● **ASSIGNMENT**: From the listing below, output only the lines starting at the line that has "#5=PRODUCT_RELATED_PRODUCT_CATEGORY('part','',(#4));" and ending at the line that has "#16=DIRECTION('',(0.,0.,1.));", exactly as they appear, ends included.

● **DATA SUPPLIED**:
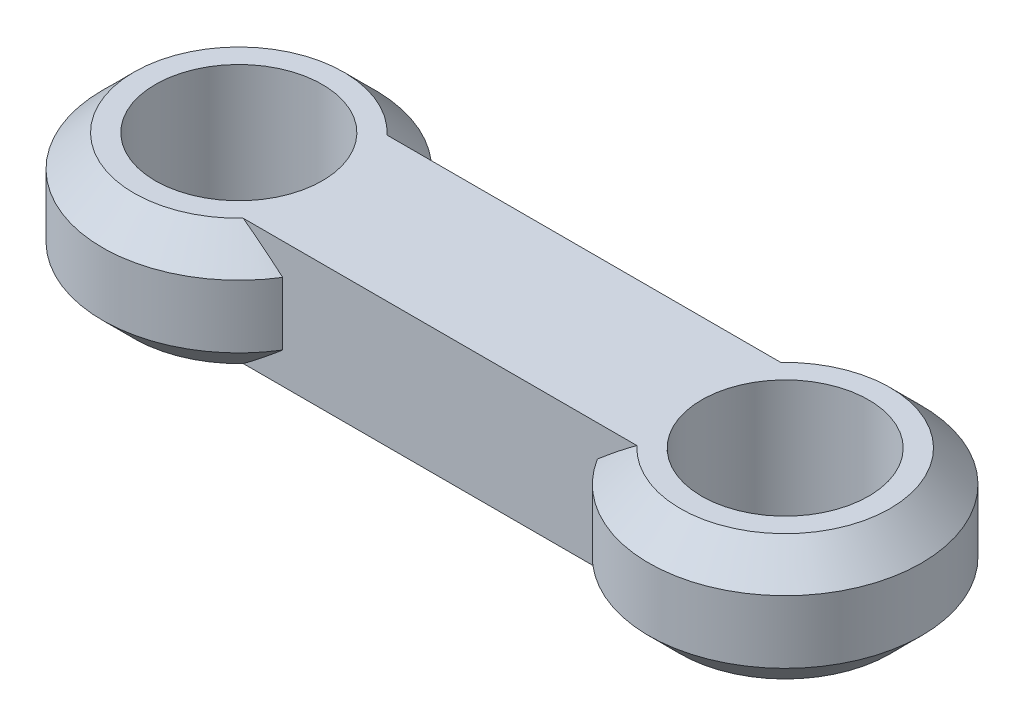
ISO-10303-21;
HEADER;
FILE_DESCRIPTION(('STEP AP214'),'2;1');
FILE_NAME('part.step','',(''),(''),'','','');
FILE_SCHEMA(('AUTOMOTIVE_DESIGN { 1 0 10303 214 1 1 1 1 }'));
ENDSEC;
DATA;
#1=APPLICATION_CONTEXT('core data for automotive mechanical design processes');
#2=APPLICATION_PROTOCOL_DEFINITION('international standard','automotive_design',2000,#1);
#3=PRODUCT_CONTEXT('',#1,'mechanical');
#4=PRODUCT('Part','Part','',(#3));
#5=PRODUCT_RELATED_PRODUCT_CATEGORY('part','',(#4));
#6=PRODUCT_DEFINITION_FORMATION('','',#4);
#7=PRODUCT_DEFINITION_CONTEXT('part definition',#1,'design');
#8=PRODUCT_DEFINITION('design','',#6,#7);
#9=PRODUCT_DEFINITION_SHAPE('','',#8);
#10=(LENGTH_UNIT() NAMED_UNIT(*) SI_UNIT(.MILLI.,.METRE.));
#11=(NAMED_UNIT(*) PLANE_ANGLE_UNIT() SI_UNIT($,.RADIAN.));
#12=(NAMED_UNIT(*) SI_UNIT($,.STERADIAN.) SOLID_ANGLE_UNIT());
#13=UNCERTAINTY_MEASURE_WITH_UNIT(LENGTH_MEASURE(1.E-05),#10,'distance_accuracy_value','');
#14=(GEOMETRIC_REPRESENTATION_CONTEXT(3) GLOBAL_UNCERTAINTY_ASSIGNED_CONTEXT((#13)) GLOBAL_UNIT_ASSIGNED_CONTEXT((#10,
#11,#12)) REPRESENTATION_CONTEXT('',''));
#15=CARTESIAN_POINT('',(0.,0.,0.));
#16=DIRECTION('',(0.,0.,1.));
#17=DIRECTION('',(1.,0.,0.));
#18=AXIS2_PLACEMENT_3D('',#15,#16,#17);
#19=CARTESIAN_POINT('',(-26.0425410570889,6.,0.));
#20=DIRECTION('',(0.,-1.,0.));
#21=DIRECTION('',(0.,0.,-1.));
#22=AXIS2_PLACEMENT_3D('',#19,#20,#21);
#23=CYLINDRICAL_SURFACE('',#22,6.5);
#24=DIRECTION('',(0.,-1.,0.));
#25=VECTOR('',#24,1.);
#26=CARTESIAN_POINT('',(-20.5212705285445,6.,-3.43009792143407));
#27=LINE('',#26,#25);
#28=CARTESIAN_POINT('',(-20.5212705285445,4.49999999999999,-3.43009792143407));
#29=VERTEX_POINT('',#28);
#30=CARTESIAN_POINT('',(-20.5212705285445,1.5,-3.43009792143407));
#31=VERTEX_POINT('',#30);
#32=EDGE_CURVE('E142',#29,#31,#27,.T.);
#33=ORIENTED_EDGE('',*,*,#32,.T.);
#34=CARTESIAN_POINT('',(-26.0425410570889,1.5,0.));
#35=DIRECTION('',(0.,1.,0.));
#36=DIRECTION('',(0.,0.,1.));
#37=AXIS2_PLACEMENT_3D('',#34,#35,#36);
#38=CIRCLE('',#37,6.5);
#39=CARTESIAN_POINT('',(-20.5212705285445,1.5,3.43009792143407));
#40=VERTEX_POINT('',#39);
#41=EDGE_CURVE('E167',#31,#40,#38,.T.);
#42=ORIENTED_EDGE('',*,*,#41,.T.);
#43=DIRECTION('',(0.,-1.,0.));
#44=VECTOR('',#43,1.);
#45=CARTESIAN_POINT('',(-20.5212705285445,6.,3.43009792143407));
#46=LINE('',#45,#44);
#47=CARTESIAN_POINT('',(-20.5212705285445,4.49999999999999,3.43009792143407));
#48=VERTEX_POINT('',#47);
#49=EDGE_CURVE('E147',#48,#40,#46,.T.);
#50=ORIENTED_EDGE('',*,*,#49,.F.);
#51=CARTESIAN_POINT('',(-26.0425410570889,4.49999999999999,0.));
#52=DIRECTION('',(0.,1.,0.));
#53=DIRECTION('',(0.,0.,1.));
#54=AXIS2_PLACEMENT_3D('',#51,#52,#53);
#55=CIRCLE('',#54,6.5);
#56=EDGE_CURVE('E164',#48,#29,#55,.F.);
#57=ORIENTED_EDGE('',*,*,#56,.T.);
#58=EDGE_LOOP('',(#33,#42,#50,#57));
#59=FACE_BOUND('',#58,.T.);
#60=ADVANCED_FACE('F49',(#59),#23,.T.);
#61=CARTESIAN_POINT('',(0.,6.,3.43009792143407));
#62=DIRECTION('',(0.,0.,1.));
#63=DIRECTION('',(1.,0.,0.));
#64=AXIS2_PLACEMENT_3D('',#61,#62,#63);
#65=PLANE('',#64);
#66=DIRECTION('',(-1.,0.,0.));
#67=VECTOR('',#66,1.);
#68=CARTESIAN_POINT('',(0.,0.,3.43009792143407));
#69=LINE('',#68,#67);
#70=CARTESIAN_POINT('',(-3.63791537138697,0.,3.43009792143407));
#71=VERTEX_POINT('',#70);
#72=CARTESIAN_POINT('',(-22.404625685702,0.,3.43009792143408));
#73=VERTEX_POINT('',#72);
#74=EDGE_CURVE('E270',#71,#73,#69,.T.);
#75=ORIENTED_EDGE('',*,*,#74,.F.);
#76=CARTESIAN_POINT('',(-3.63791537138697,0.,3.43009792143407));
#77=CARTESIAN_POINT('',(-3.71907569512446,0.0590566387520791,3.43009792143407));
#78=CARTESIAN_POINT('',(-3.79979677216606,0.118711737150157,3.43009792143407));
#79=CARTESIAN_POINT('',(-3.96044747830371,0.239071704787263,3.43009792143407));
#80=CARTESIAN_POINT('',(-4.04037714145387,0.299776528545755,3.43009792143407));
#81=CARTESIAN_POINT('',(-4.2790659016397,0.483211032410562,3.43009792143407));
#82=CARTESIAN_POINT('',(-4.43677984271871,0.607301105979159,3.43009792143407));
#83=CARTESIAN_POINT('',(-4.74995938949537,0.858232668240092,3.43009792143407));
#84=CARTESIAN_POINT('',(-4.90542528063672,0.985073802414717,3.43009792143407));
#85=CARTESIAN_POINT('',(-5.21458749276917,1.24100265865714,3.43009792143407));
#86=CARTESIAN_POINT('',(-5.36828319781378,1.37009112566234,3.43009792143407));
#87=CARTESIAN_POINT('',(-5.52127052854446,1.50000000000001,3.43009792143407));
#88=B_SPLINE_CURVE_WITH_KNOTS('',3,(#76,#77,#78,#79,#80,#81,#82,#83,#84,#85,#86,#87),
.UNSPECIFIED.,.F.,.F.,(4,2,2,2,2,4),(0.,0.301110719786002,0.602208426135549,1.20419905540656,
1.80611256423481,2.40822954254026),.UNSPECIFIED.);
#89=CARTESIAN_POINT('',(-5.52127052854446,1.50000000000001,3.43009792143407));
#90=VERTEX_POINT('',#89);
#91=EDGE_CURVE('E185',#71,#90,#88,.T.);
#92=ORIENTED_EDGE('',*,*,#91,.T.);
#93=DIRECTION('',(0.,-1.,0.));
#94=VECTOR('',#93,1.);
#95=CARTESIAN_POINT('',(-5.52127052854446,6.,3.43009792143407));
#96=LINE('',#95,#94);
#97=CARTESIAN_POINT('',(-5.52127052854446,4.5,3.43009792143407));
#98=VERTEX_POINT('',#97);
#99=EDGE_CURVE('E141',#98,#90,#96,.T.);
#100=ORIENTED_EDGE('',*,*,#99,.F.);
#101=CARTESIAN_POINT('',(-5.52127052854446,4.5,3.43009792143407));
#102=CARTESIAN_POINT('',(-5.36828319781378,4.62990887433767,3.43009792143407));
#103=CARTESIAN_POINT('',(-5.21458749276918,4.75899734134287,3.43009792143407));
#104=CARTESIAN_POINT('',(-4.90542528063673,5.01492619758529,3.43009792143407));
#105=CARTESIAN_POINT('',(-4.74995938949538,5.14176733175991,3.43009792143407));
#106=CARTESIAN_POINT('',(-4.43677984271872,5.39269889402084,3.43009792143407));
#107=CARTESIAN_POINT('',(-4.27906590163971,5.51678896758944,3.43009792143407));
#108=CARTESIAN_POINT('',(-4.04037714145388,5.70022347145425,3.43009792143407));
#109=CARTESIAN_POINT('',(-3.96044747830372,5.76092829521274,3.43009792143407));
#110=CARTESIAN_POINT('',(-3.79979677216608,5.88128826284984,3.43009792143407));
#111=CARTESIAN_POINT('',(-3.71907569512448,5.94094336124792,3.43009792143407));
#112=CARTESIAN_POINT('',(-3.63791537138699,6.,3.43009792143407));
#113=B_SPLINE_CURVE_WITH_KNOTS('',3,(#101,#102,#103,#104,#105,#106,#107,#108,#109,#110,#111,
#112),.UNSPECIFIED.,.F.,.F.,(4,2,2,2,2,4),(0.,0.602116978305447,1.20403048713369,
1.8060211164047,2.10711882275425,2.40822954254024),.UNSPECIFIED.);
#114=CARTESIAN_POINT('',(-3.63791537138699,6.,3.43009792143407));
#115=VERTEX_POINT('',#114);
#116=EDGE_CURVE('E129',#98,#115,#113,.T.);
#117=ORIENTED_EDGE('',*,*,#116,.T.);
#118=DIRECTION('',(-1.,0.,0.));
#119=VECTOR('',#118,1.);
#120=CARTESIAN_POINT('',(0.,6.,3.43009792143407));
#121=LINE('',#120,#119);
#122=CARTESIAN_POINT('',(-22.4046256857019,6.,3.43009792143408));
#123=VERTEX_POINT('',#122);
#124=EDGE_CURVE('E79',#115,#123,#121,.T.);
#125=ORIENTED_EDGE('',*,*,#124,.T.);
#126=CARTESIAN_POINT('',(-22.4046256857019,6.,3.43009792143408));
#127=CARTESIAN_POINT('',(-22.3234653619645,5.94094336124792,3.43009792143408));
#128=CARTESIAN_POINT('',(-22.2427442849228,5.88128826284984,3.43009792143408));
#129=CARTESIAN_POINT('',(-22.0820935787852,5.76092829521274,3.43009792143408));
#130=CARTESIAN_POINT('',(-22.002163915635,5.70022347145424,3.43009792143408));
#131=CARTESIAN_POINT('',(-21.7634751554492,5.51678896758944,3.43009792143408));
#132=CARTESIAN_POINT('',(-21.6057612143702,5.39269889402084,3.43009792143408));
#133=CARTESIAN_POINT('',(-21.2925816675936,5.1417673317599,3.43009792143408));
#134=CARTESIAN_POINT('',(-21.1371157764522,5.01492619758528,3.43009792143408));
#135=CARTESIAN_POINT('',(-20.8279535643197,4.75899734134286,3.43009792143408));
#136=CARTESIAN_POINT('',(-20.6742578592751,4.62990887433766,3.43009792143408));
#137=CARTESIAN_POINT('',(-20.5212705285445,4.49999999999999,3.43009792143408));
#138=B_SPLINE_CURVE_WITH_KNOTS('',3,(#126,#127,#128,#129,#130,#131,#132,#133,#134,#135,#136,
#137),.UNSPECIFIED.,.F.,.F.,(4,2,2,2,2,4),(0.,0.301110719786002,0.602208426135548,
1.20419905540656,1.80611256423481,2.40822954254026),.UNSPECIFIED.);
#139=EDGE_CURVE('E65',#123,#48,#138,.T.);
#140=ORIENTED_EDGE('',*,*,#139,.T.);
#141=ORIENTED_EDGE('',*,*,#49,.T.);
#142=CARTESIAN_POINT('',(-20.5212705285445,1.5,3.43009792143407));
#143=CARTESIAN_POINT('',(-20.6742578592751,1.37009112566233,3.43009792143408));
#144=CARTESIAN_POINT('',(-20.8279535643197,1.24100265865714,3.43009792143408));
#145=CARTESIAN_POINT('',(-21.1371157764522,0.985073802414715,3.43009792143408));
#146=CARTESIAN_POINT('',(-21.2925816675936,0.858232668240091,3.43009792143408));
#147=CARTESIAN_POINT('',(-21.6057612143702,0.607301105979158,3.43009792143408));
#148=CARTESIAN_POINT('',(-21.7634751554492,0.483211032410562,3.43009792143408));
#149=CARTESIAN_POINT('',(-22.0021639156351,0.299776528545756,3.43009792143408));
#150=CARTESIAN_POINT('',(-22.0820935787852,0.239071704787264,3.43009792143408));
#151=CARTESIAN_POINT('',(-22.2427442849229,0.118711737150158,3.43009792143408));
#152=CARTESIAN_POINT('',(-22.3234653619645,0.0590566387520798,3.43009792143408));
#153=CARTESIAN_POINT('',(-22.404625685702,0.,3.43009792143408));
#154=B_SPLINE_CURVE_WITH_KNOTS('',3,(#142,#143,#144,#145,#146,#147,#148,#149,#150,#151,#152,
#153),.UNSPECIFIED.,.F.,.F.,(4,2,2,2,2,4),(0.,0.602116978305453,1.2040304871337,
1.80602111640471,2.10711882275426,2.40822954254026),.UNSPECIFIED.);
#155=EDGE_CURVE('E218',#40,#73,#154,.T.);
#156=ORIENTED_EDGE('',*,*,#155,.T.);
#157=EDGE_LOOP('',(#75,#92,#100,#117,#125,#140,#141,#156));
#158=FACE_BOUND('',#157,.T.);
#159=ADVANCED_FACE('F243',(#158),#65,.T.);
#160=CARTESIAN_POINT('',(0.,6.,0.));
#161=DIRECTION('',(0.,-1.,0.));
#162=DIRECTION('',(0.,0.,-1.));
#163=AXIS2_PLACEMENT_3D('',#160,#161,#162);
#164=CYLINDRICAL_SURFACE('',#163,6.5);
#165=ORIENTED_EDGE('',*,*,#99,.T.);
#166=CARTESIAN_POINT('',(0.,1.50000000000001,0.));
#167=DIRECTION('',(0.,1.,0.));
#168=DIRECTION('',(0.,0.,1.));
#169=AXIS2_PLACEMENT_3D('',#166,#167,#168);
#170=CIRCLE('',#169,6.5);
#171=CARTESIAN_POINT('',(-5.52127052854446,1.50000000000001,-3.43009792143407));
#172=VERTEX_POINT('',#171);
#173=EDGE_CURVE('E139',#90,#172,#170,.T.);
#174=ORIENTED_EDGE('',*,*,#173,.T.);
#175=DIRECTION('',(0.,-1.,0.));
#176=VECTOR('',#175,1.);
#177=CARTESIAN_POINT('',(-5.52127052854446,6.,-3.43009792143407));
#178=LINE('',#177,#176);
#179=CARTESIAN_POINT('',(-5.52127052854446,4.5,-3.43009792143407));
#180=VERTEX_POINT('',#179);
#181=EDGE_CURVE('E124',#180,#172,#178,.T.);
#182=ORIENTED_EDGE('',*,*,#181,.F.);
#183=CARTESIAN_POINT('',(0.,4.5,0.));
#184=DIRECTION('',(0.,1.,0.));
#185=DIRECTION('',(0.,0.,1.));
#186=AXIS2_PLACEMENT_3D('',#183,#184,#185);
#187=CIRCLE('',#186,6.5);
#188=EDGE_CURVE('E136',#180,#98,#187,.F.);
#189=ORIENTED_EDGE('',*,*,#188,.T.);
#190=EDGE_LOOP('',(#165,#174,#182,#189));
#191=FACE_BOUND('',#190,.T.);
#192=ADVANCED_FACE('F135',(#191),#164,.T.);
#193=CARTESIAN_POINT('',(0.,6.,-3.43009792143407));
#194=DIRECTION('',(0.,0.,1.));
#195=DIRECTION('',(1.,0.,0.));
#196=AXIS2_PLACEMENT_3D('',#193,#194,#195);
#197=PLANE('',#196);
#198=DIRECTION('',(-1.,0.,0.));
#199=VECTOR('',#198,1.);
#200=CARTESIAN_POINT('',(0.,0.,-3.43009792143407));
#201=LINE('',#200,#199);
#202=CARTESIAN_POINT('',(-3.63791537138697,0.,-3.43009792143407));
#203=VERTEX_POINT('',#202);
#204=CARTESIAN_POINT('',(-22.404625685702,0.,-3.43009792143407));
#205=VERTEX_POINT('',#204);
#206=EDGE_CURVE('E273',#203,#205,#201,.T.);
#207=ORIENTED_EDGE('',*,*,#206,.T.);
#208=CARTESIAN_POINT('',(-22.404625685702,0.,-3.43009792143407));
#209=CARTESIAN_POINT('',(-22.3234653619645,0.0590566387520793,-3.43009792143407));
#210=CARTESIAN_POINT('',(-22.2427442849229,0.118711737150157,-3.43009792143407));
#211=CARTESIAN_POINT('',(-22.0820935787852,0.239071704787263,-3.43009792143407));
#212=CARTESIAN_POINT('',(-22.0021639156351,0.299776528545755,-3.43009792143407));
#213=CARTESIAN_POINT('',(-21.7634751554492,0.483211032410562,-3.43009792143407));
#214=CARTESIAN_POINT('',(-21.6057612143702,0.607301105979158,-3.43009792143407));
#215=CARTESIAN_POINT('',(-21.2925816675936,0.858232668240091,-3.43009792143407));
#216=CARTESIAN_POINT('',(-21.1371157764522,0.985073802414715,-3.43009792143407));
#217=CARTESIAN_POINT('',(-20.8279535643198,1.24100265865714,-3.43009792143407));
#218=CARTESIAN_POINT('',(-20.6742578592751,1.37009112566233,-3.43009792143407));
#219=CARTESIAN_POINT('',(-20.5212705285445,1.5,-3.43009792143407));
#220=B_SPLINE_CURVE_WITH_KNOTS('',3,(#208,#209,#210,#211,#212,#213,#214,#215,#216,#217,#218,
#219),.UNSPECIFIED.,.F.,.F.,(4,2,2,2,2,4),(0.,0.301110719786001,0.60220842613555,
1.20419905540656,1.80611256423481,2.40822954254026),.UNSPECIFIED.);
#221=EDGE_CURVE('E130',#205,#31,#220,.T.);
#222=ORIENTED_EDGE('',*,*,#221,.T.);
#223=ORIENTED_EDGE('',*,*,#32,.F.);
#224=CARTESIAN_POINT('',(-20.5212705285445,4.49999999999999,-3.43009792143407));
#225=CARTESIAN_POINT('',(-20.6742578592751,4.62990887433766,-3.43009792143407));
#226=CARTESIAN_POINT('',(-20.8279535643197,4.75899734134286,-3.43009792143407));
#227=CARTESIAN_POINT('',(-21.1371157764522,5.01492619758528,-3.43009792143407));
#228=CARTESIAN_POINT('',(-21.2925816675936,5.14176733175991,-3.43009792143407));
#229=CARTESIAN_POINT('',(-21.6057612143702,5.39269889402084,-3.43009792143407));
#230=CARTESIAN_POINT('',(-21.7634751554492,5.51678896758944,-3.43009792143407));
#231=CARTESIAN_POINT('',(-22.002163915635,5.70022347145424,-3.43009792143407));
#232=CARTESIAN_POINT('',(-22.0820935787852,5.76092829521273,-3.43009792143407));
#233=CARTESIAN_POINT('',(-22.2427442849228,5.88128826284984,-3.43009792143407));
#234=CARTESIAN_POINT('',(-22.3234653619645,5.94094336124792,-3.43009792143407));
#235=CARTESIAN_POINT('',(-22.4046256857019,6.,-3.43009792143407));
#236=B_SPLINE_CURVE_WITH_KNOTS('',3,(#224,#225,#226,#227,#228,#229,#230,#231,#232,#233,#234,
#235),.UNSPECIFIED.,.F.,.F.,(4,2,2,2,2,4),(0.,0.602116978305452,1.2040304871337,
1.80602111640471,2.10711882275425,2.40822954254026),.UNSPECIFIED.);
#237=CARTESIAN_POINT('',(-22.4046256857019,6.,-3.43009792143407));
#238=VERTEX_POINT('',#237);
#239=EDGE_CURVE('E11',#29,#238,#236,.T.);
#240=ORIENTED_EDGE('',*,*,#239,.T.);
#241=DIRECTION('',(-1.,0.,0.));
#242=VECTOR('',#241,1.);
#243=CARTESIAN_POINT('',(0.,6.,-3.43009792143407));
#244=LINE('',#243,#242);
#245=CARTESIAN_POINT('',(-3.63791537138699,6.,-3.43009792143407));
#246=VERTEX_POINT('',#245);
#247=EDGE_CURVE('E71',#246,#238,#244,.T.);
#248=ORIENTED_EDGE('',*,*,#247,.F.);
#249=CARTESIAN_POINT('',(-3.63791537138699,6.,-3.43009792143407));
#250=CARTESIAN_POINT('',(-3.71907569512448,5.94094336124792,-3.43009792143407));
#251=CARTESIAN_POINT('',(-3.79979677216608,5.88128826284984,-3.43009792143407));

● **ANSWER TO THE PROBLEM**:
#5=PRODUCT_RELATED_PRODUCT_CATEGORY('part','',(#4));
#6=PRODUCT_DEFINITION_FORMATION('','',#4);
#7=PRODUCT_DEFINITION_CONTEXT('part definition',#1,'design');
#8=PRODUCT_DEFINITION('design','',#6,#7);
#9=PRODUCT_DEFINITION_SHAPE('','',#8);
#10=(LENGTH_UNIT() NAMED_UNIT(*) SI_UNIT(.MILLI.,.METRE.));
#11=(NAMED_UNIT(*) PLANE_ANGLE_UNIT() SI_UNIT($,.RADIAN.));
#12=(NAMED_UNIT(*) SI_UNIT($,.STERADIAN.) SOLID_ANGLE_UNIT());
#13=UNCERTAINTY_MEASURE_WITH_UNIT(LENGTH_MEASURE(1.E-05),#10,'distance_accuracy_value','');
#14=(GEOMETRIC_REPRESENTATION_CONTEXT(3) GLOBAL_UNCERTAINTY_ASSIGNED_CONTEXT((#13)) GLOBAL_UNIT_ASSIGNED_CONTEXT((#10,
#11,#12)) REPRESENTATION_CONTEXT('',''));
#15=CARTESIAN_POINT('',(0.,0.,0.));
#16=DIRECTION('',(0.,0.,1.));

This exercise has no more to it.